There’s a saying in mathematics that one way to solve a hard problem is to frame it in more generality. For example, instead of summing the series, evaluate the generating function. To prove a theorem about prime numbers, prove it in the larger space of ideals.
A similar idea arises in statistics. If a model is hard to fit, embed it in a hierarchical structure. This came up in our paper on meta-analysis with a single study. Or, in computation: even if all you want is a posterior mean, the most direct route to that end can be to construct an algorithm to sample from the posterior distribution. Some integrals are hard enough to evaluate that it takes less effort to just write Stan.

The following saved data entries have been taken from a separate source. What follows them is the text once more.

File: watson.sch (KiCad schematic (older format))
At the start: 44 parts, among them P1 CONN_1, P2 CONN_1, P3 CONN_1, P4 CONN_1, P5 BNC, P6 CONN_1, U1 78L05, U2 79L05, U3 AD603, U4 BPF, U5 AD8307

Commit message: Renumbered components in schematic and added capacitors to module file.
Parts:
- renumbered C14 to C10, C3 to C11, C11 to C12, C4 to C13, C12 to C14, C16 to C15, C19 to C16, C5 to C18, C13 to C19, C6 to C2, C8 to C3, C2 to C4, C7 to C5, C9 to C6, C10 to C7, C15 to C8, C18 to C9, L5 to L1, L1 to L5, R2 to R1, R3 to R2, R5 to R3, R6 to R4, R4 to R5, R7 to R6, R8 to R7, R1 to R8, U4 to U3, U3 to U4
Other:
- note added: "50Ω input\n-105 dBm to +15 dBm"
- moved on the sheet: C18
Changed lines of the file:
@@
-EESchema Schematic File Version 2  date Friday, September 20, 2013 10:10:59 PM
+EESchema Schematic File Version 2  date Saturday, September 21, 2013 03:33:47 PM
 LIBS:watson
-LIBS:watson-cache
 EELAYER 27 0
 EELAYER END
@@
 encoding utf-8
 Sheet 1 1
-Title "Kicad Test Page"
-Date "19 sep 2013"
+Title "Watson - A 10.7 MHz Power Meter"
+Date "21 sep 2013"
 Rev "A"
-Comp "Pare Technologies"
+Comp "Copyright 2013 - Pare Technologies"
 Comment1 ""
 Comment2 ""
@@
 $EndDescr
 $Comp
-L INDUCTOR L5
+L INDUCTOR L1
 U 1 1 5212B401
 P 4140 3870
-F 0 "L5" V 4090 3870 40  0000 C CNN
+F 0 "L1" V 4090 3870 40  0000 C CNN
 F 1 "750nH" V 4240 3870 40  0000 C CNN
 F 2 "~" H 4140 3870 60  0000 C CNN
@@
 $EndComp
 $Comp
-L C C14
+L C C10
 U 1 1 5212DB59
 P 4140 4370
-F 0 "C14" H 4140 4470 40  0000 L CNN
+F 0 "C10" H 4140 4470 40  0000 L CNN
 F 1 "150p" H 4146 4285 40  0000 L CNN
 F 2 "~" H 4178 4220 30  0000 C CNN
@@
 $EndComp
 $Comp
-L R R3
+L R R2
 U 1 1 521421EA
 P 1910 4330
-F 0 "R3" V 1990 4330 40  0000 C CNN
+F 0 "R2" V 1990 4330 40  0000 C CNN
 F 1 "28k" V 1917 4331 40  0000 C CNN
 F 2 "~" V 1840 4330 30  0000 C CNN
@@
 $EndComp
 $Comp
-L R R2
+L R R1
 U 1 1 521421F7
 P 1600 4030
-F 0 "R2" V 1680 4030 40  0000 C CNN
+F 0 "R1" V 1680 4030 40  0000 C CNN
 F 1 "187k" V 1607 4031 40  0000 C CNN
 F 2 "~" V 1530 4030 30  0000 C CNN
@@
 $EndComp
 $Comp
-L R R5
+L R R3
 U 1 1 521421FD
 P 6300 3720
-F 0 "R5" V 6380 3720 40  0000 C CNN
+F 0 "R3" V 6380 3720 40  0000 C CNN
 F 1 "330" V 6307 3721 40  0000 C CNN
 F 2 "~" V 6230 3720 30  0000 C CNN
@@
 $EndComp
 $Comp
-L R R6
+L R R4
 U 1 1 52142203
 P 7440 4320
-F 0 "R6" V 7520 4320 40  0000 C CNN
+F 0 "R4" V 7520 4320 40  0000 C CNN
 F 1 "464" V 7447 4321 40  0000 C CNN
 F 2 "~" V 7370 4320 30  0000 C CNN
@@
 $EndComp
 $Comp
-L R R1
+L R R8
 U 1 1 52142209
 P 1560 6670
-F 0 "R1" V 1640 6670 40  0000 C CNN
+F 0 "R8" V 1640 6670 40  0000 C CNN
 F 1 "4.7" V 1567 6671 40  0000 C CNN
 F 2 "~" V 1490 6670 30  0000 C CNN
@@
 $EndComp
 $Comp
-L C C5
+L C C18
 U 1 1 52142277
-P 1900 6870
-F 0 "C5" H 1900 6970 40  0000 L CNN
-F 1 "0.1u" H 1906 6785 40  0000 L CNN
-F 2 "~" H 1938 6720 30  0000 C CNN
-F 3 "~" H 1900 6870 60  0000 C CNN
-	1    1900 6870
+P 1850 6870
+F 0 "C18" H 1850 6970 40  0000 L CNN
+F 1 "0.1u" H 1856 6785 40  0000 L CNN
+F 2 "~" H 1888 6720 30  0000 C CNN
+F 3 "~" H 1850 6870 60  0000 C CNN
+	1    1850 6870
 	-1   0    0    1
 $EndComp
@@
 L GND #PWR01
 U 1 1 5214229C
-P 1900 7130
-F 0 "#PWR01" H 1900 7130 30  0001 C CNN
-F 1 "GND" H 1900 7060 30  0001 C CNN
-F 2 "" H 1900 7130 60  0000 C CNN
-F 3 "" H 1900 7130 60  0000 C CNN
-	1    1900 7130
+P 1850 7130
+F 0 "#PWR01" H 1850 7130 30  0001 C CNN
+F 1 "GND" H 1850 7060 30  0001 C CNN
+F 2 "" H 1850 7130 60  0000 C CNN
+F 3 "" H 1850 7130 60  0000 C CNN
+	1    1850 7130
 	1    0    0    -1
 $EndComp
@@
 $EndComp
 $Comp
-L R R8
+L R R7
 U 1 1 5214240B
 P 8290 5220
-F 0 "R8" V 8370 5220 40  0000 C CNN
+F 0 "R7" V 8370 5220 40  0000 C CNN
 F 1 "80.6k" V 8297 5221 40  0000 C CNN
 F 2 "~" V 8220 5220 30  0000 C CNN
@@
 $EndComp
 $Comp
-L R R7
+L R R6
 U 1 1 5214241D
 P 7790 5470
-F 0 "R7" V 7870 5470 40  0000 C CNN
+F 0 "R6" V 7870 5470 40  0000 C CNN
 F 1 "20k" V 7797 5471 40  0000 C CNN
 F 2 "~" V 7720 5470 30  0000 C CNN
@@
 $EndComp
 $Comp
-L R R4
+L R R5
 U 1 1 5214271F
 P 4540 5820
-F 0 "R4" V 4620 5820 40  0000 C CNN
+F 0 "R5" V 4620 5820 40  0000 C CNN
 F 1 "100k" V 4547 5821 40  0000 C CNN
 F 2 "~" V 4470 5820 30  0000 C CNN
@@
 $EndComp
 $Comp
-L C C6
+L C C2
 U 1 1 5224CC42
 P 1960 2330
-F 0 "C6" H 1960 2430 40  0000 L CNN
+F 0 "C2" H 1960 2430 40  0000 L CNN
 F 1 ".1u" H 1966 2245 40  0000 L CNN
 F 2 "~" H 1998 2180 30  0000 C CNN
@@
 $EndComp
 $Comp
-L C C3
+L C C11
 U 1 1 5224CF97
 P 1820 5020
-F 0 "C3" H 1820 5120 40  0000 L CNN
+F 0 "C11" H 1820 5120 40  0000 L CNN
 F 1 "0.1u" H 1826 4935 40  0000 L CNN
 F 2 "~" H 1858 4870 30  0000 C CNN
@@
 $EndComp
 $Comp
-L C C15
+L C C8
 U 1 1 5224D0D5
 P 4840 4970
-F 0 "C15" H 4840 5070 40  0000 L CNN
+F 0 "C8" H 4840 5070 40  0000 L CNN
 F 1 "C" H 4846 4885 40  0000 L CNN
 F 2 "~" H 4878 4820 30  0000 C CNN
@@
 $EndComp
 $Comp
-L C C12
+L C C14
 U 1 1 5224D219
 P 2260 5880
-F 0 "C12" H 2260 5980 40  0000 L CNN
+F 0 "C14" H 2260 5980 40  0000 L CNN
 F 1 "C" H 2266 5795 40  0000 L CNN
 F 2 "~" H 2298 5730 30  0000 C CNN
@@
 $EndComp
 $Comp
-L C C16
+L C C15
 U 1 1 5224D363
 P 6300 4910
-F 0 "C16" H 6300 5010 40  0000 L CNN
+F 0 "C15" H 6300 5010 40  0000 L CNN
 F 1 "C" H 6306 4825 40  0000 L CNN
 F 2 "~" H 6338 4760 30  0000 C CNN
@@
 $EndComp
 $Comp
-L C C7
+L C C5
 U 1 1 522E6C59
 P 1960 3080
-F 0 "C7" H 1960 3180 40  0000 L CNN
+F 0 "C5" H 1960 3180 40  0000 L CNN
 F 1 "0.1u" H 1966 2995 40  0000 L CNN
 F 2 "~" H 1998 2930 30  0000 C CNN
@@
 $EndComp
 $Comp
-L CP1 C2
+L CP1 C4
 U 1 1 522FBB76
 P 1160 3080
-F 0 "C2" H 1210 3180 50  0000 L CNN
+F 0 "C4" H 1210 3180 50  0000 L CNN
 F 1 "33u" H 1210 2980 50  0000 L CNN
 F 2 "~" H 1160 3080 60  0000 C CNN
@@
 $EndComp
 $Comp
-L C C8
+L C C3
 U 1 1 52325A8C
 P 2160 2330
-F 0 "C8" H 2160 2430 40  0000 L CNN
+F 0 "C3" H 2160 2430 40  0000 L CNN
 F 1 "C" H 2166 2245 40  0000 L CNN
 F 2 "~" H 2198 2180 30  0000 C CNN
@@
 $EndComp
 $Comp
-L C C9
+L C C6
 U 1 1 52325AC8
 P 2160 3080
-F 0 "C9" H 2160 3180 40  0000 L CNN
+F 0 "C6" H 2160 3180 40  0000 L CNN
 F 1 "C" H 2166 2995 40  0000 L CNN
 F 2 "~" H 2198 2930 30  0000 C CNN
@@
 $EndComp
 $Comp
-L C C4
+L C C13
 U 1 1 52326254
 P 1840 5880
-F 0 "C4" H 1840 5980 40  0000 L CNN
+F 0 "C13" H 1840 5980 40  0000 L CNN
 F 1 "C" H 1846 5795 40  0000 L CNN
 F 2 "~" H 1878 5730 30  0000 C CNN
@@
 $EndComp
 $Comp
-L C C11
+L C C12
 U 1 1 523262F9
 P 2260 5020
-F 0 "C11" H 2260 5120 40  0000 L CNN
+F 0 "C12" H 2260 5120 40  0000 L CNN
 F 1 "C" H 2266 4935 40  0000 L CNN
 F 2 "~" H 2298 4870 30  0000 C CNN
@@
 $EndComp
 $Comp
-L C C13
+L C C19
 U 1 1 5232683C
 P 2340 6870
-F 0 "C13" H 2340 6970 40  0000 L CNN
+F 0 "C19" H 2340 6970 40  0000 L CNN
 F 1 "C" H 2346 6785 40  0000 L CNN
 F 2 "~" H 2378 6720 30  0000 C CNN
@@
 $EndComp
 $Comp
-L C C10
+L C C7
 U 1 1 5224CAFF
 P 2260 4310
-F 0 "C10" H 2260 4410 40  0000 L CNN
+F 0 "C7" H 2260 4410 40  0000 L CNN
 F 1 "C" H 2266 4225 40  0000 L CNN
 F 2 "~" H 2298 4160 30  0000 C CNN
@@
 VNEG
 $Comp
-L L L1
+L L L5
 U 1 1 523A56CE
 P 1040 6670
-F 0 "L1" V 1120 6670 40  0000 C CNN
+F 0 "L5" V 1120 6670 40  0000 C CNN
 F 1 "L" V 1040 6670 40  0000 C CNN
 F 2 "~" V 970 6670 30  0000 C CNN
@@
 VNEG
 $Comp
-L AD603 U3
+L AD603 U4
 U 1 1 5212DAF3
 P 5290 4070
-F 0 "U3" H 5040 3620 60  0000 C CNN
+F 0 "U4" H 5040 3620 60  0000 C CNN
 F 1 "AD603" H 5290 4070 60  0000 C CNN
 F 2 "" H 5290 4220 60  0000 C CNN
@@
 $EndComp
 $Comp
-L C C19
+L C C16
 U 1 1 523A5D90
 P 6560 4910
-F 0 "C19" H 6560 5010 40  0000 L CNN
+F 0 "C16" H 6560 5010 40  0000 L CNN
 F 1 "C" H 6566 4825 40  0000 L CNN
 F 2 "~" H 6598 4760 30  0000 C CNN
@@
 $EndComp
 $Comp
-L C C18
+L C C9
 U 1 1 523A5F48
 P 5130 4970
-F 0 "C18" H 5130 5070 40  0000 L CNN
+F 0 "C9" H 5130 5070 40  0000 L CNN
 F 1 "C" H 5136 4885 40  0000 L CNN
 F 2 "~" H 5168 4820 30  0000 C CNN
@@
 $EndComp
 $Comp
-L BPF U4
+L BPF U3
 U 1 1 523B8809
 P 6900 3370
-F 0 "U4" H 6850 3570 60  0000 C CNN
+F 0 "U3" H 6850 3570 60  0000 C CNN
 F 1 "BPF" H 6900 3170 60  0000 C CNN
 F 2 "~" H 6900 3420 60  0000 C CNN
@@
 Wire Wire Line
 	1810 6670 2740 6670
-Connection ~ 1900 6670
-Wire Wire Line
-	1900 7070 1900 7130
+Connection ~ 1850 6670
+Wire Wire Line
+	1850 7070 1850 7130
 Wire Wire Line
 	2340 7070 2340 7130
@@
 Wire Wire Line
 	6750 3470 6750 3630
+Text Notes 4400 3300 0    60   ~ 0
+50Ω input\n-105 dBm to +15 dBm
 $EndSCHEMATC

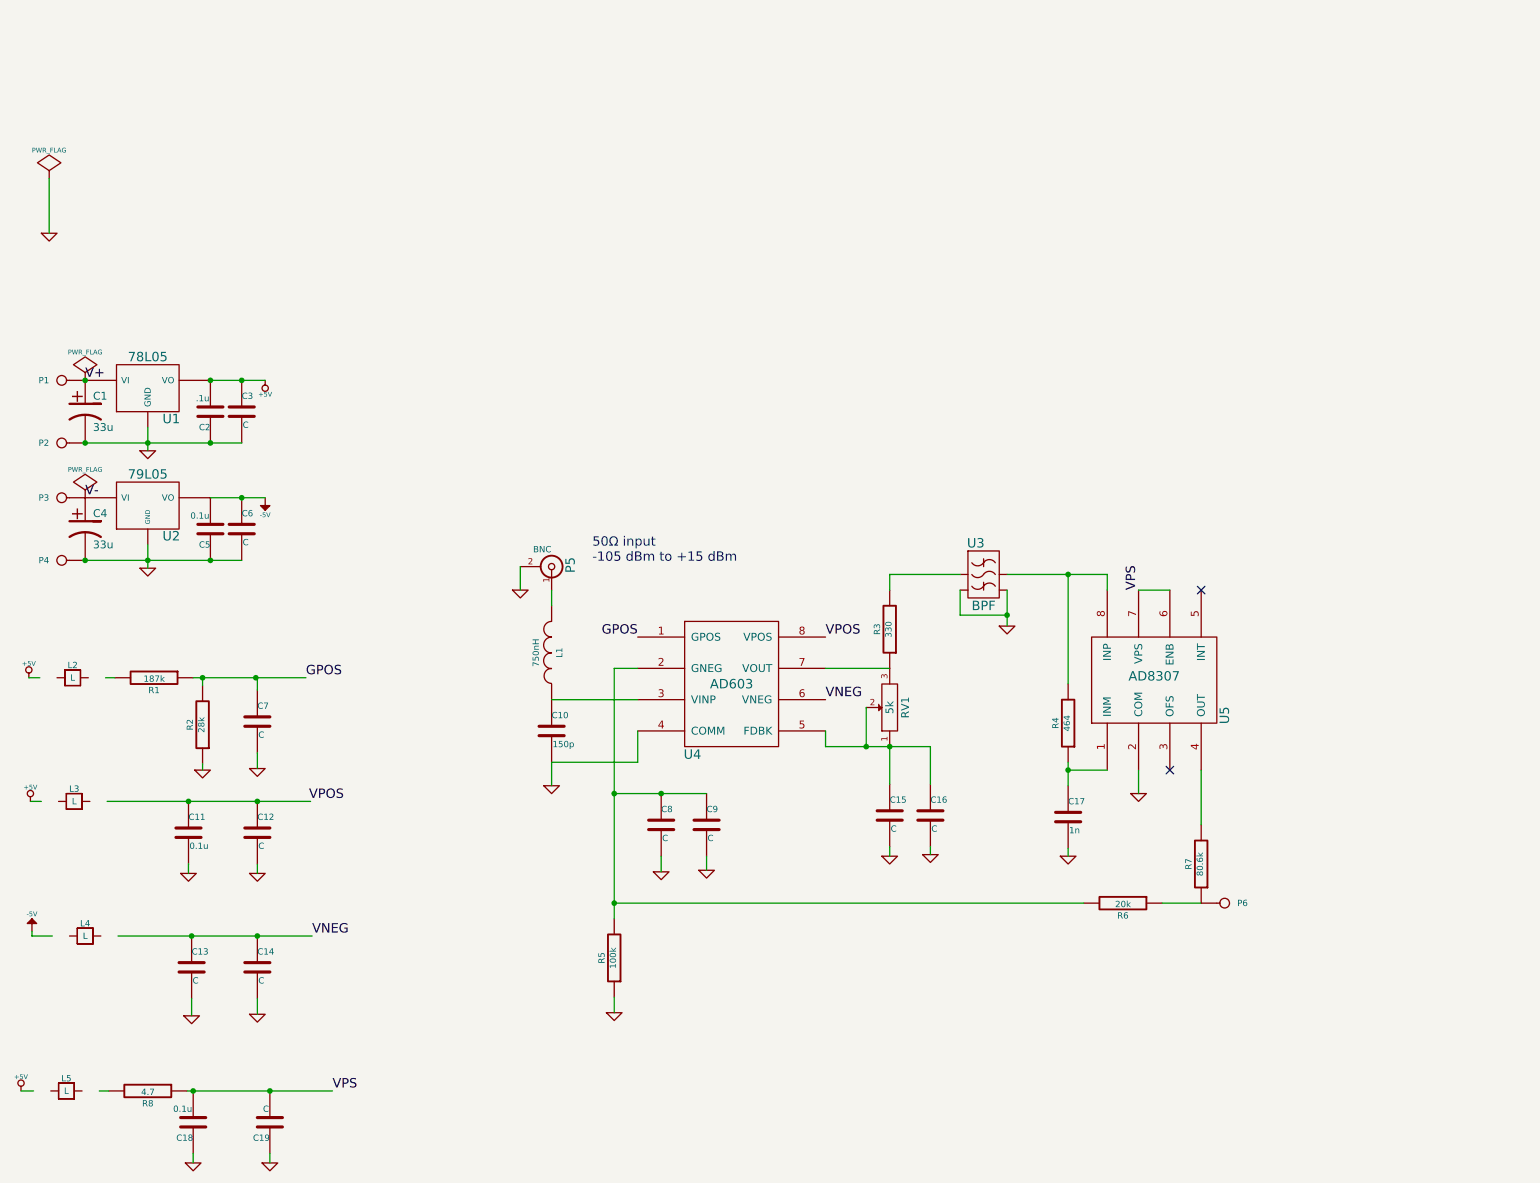
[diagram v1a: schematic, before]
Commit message: Schematic reworked.
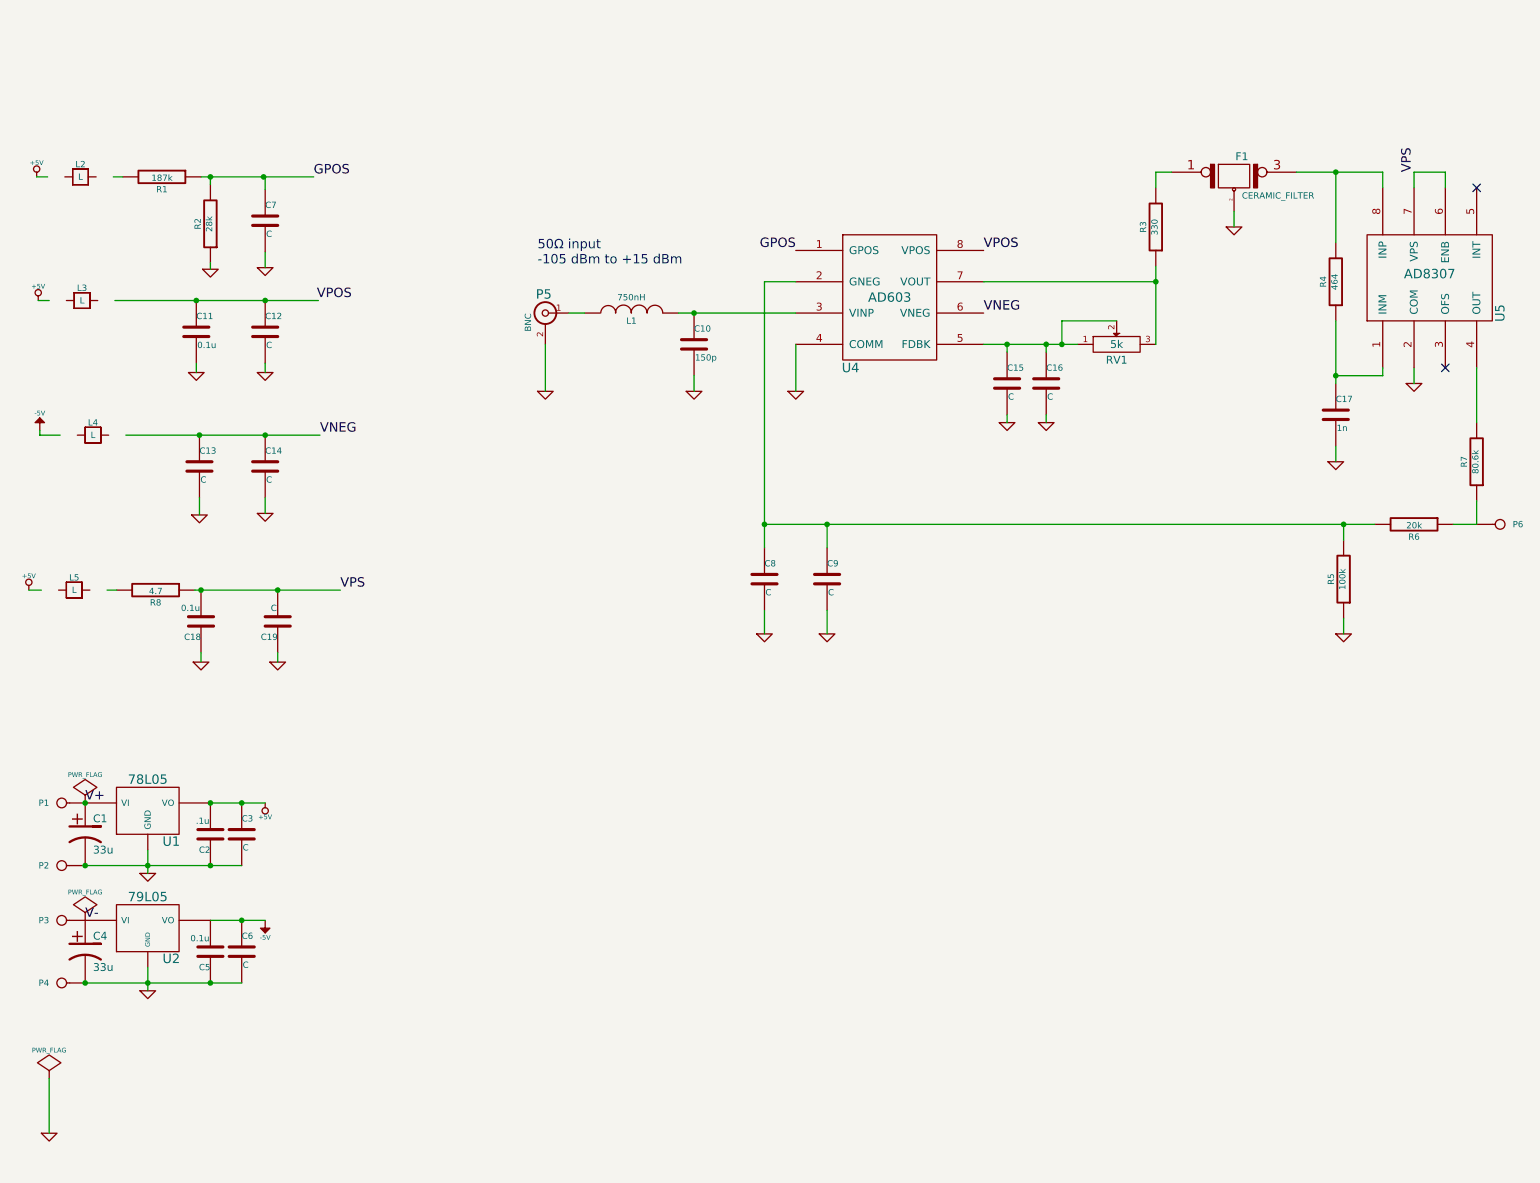
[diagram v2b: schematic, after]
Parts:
- removed U3: BPF, ~, symbol BPF
- added F1: CERAMIC_FILTER, ~, symbol CERAMIC_FILTER
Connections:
- wire segments 66 -> 69
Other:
- moved on the sheet: C1, C10, C11, C12, C13, C14, C15, C16, C17, C18, C19, C2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

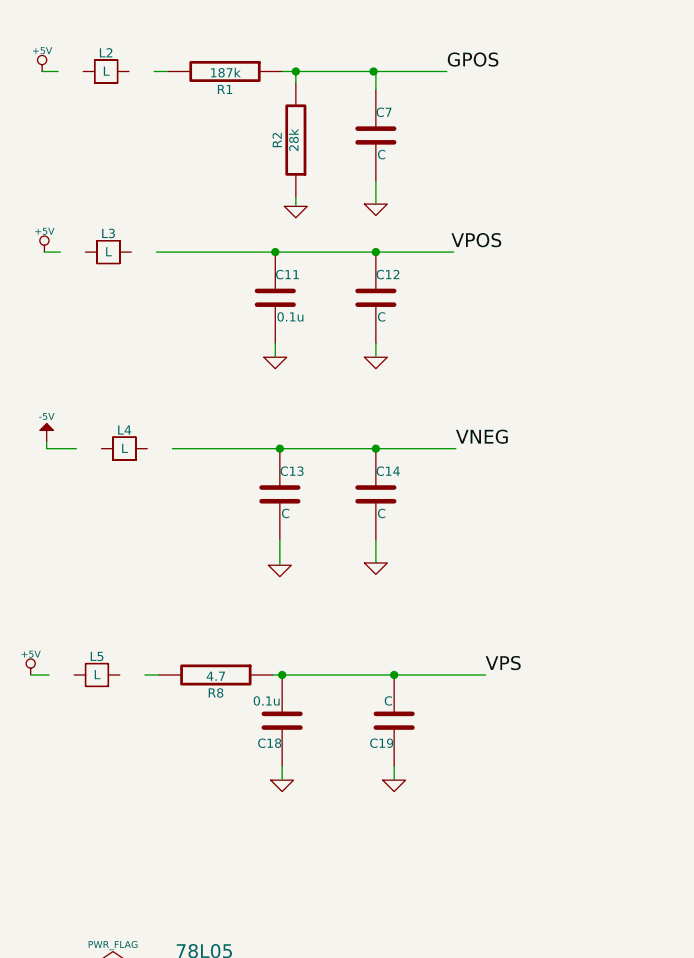
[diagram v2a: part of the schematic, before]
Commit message: Added ferrite bead module and created an autoplace PCB.
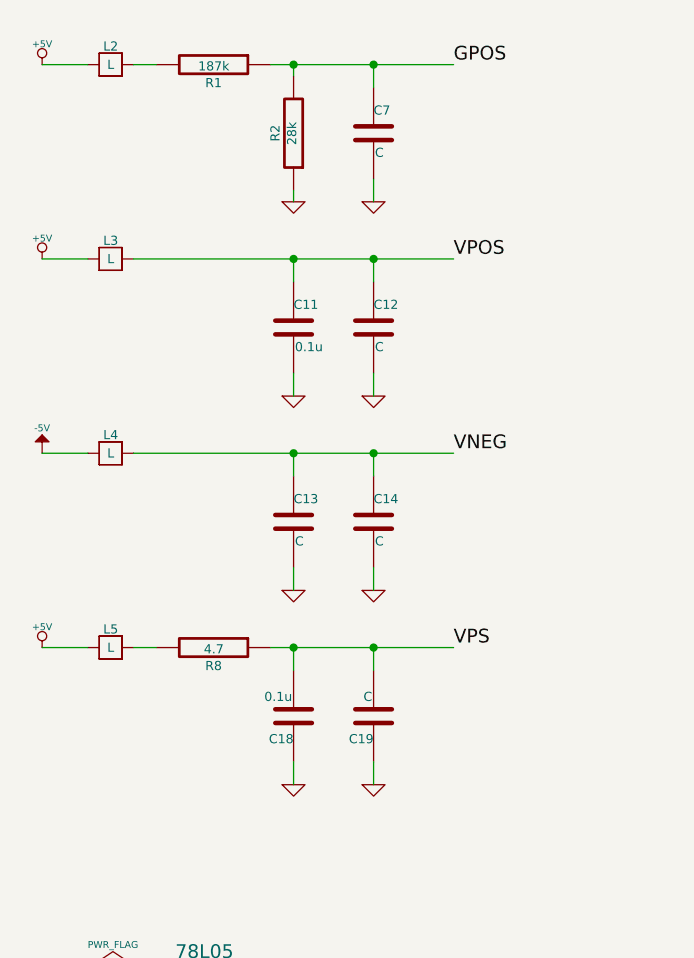
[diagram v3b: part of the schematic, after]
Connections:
- wire segments 69 -> 73
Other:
- moved on the sheet: C11, C12, C13, C14, C18, C19, L2, L3, L4, L5, R1, R2

Here’s another example. Back in 2012, I wrote:
Google Translate for code
Wouldn’t it be great if Google Translate could work on computer languages? I suggested this and somebody said that it might be a problem because code isn’t always translatable. But that doesn’t worry so much. Google Translate for human languages isn’t perfect either but it’s a useful guide. If I want to write a message to someone in French or Spanish or Dutch, I wouldn’t just write it in English and run it through Translate. What I do is try my best to write it in the desired language, but I can try out some tricky words or phrases in the translator. Or, if I start by translating, I go back and forth to make sure it all makes sense.
An R help-list bot
We were talking about how to build a Stan community that will be helpful to a diverse range of users without taking up too much of our time, and that’s when I came up with a brilliant idea. Let’s take a successful existing help group–for example, the R-help mailing list—then make a database of the helpful bits of advice of a distinguished and frequent contributor to the list. The bot would be easy: whatever the question is that comes in, just send back a random tip. I have a feeling that advice such as “PLEASE do, and not send HTML” and “My guess is that this is a Mac-specific question (e.g. you are using the R.app GUI), so please consider if this is the appropriate list” and “The posting guide was not followed” and “Please use the R-devel list to comment on current development versions” would work pretty well for almost any question (maybe after some global sub of Stan for R).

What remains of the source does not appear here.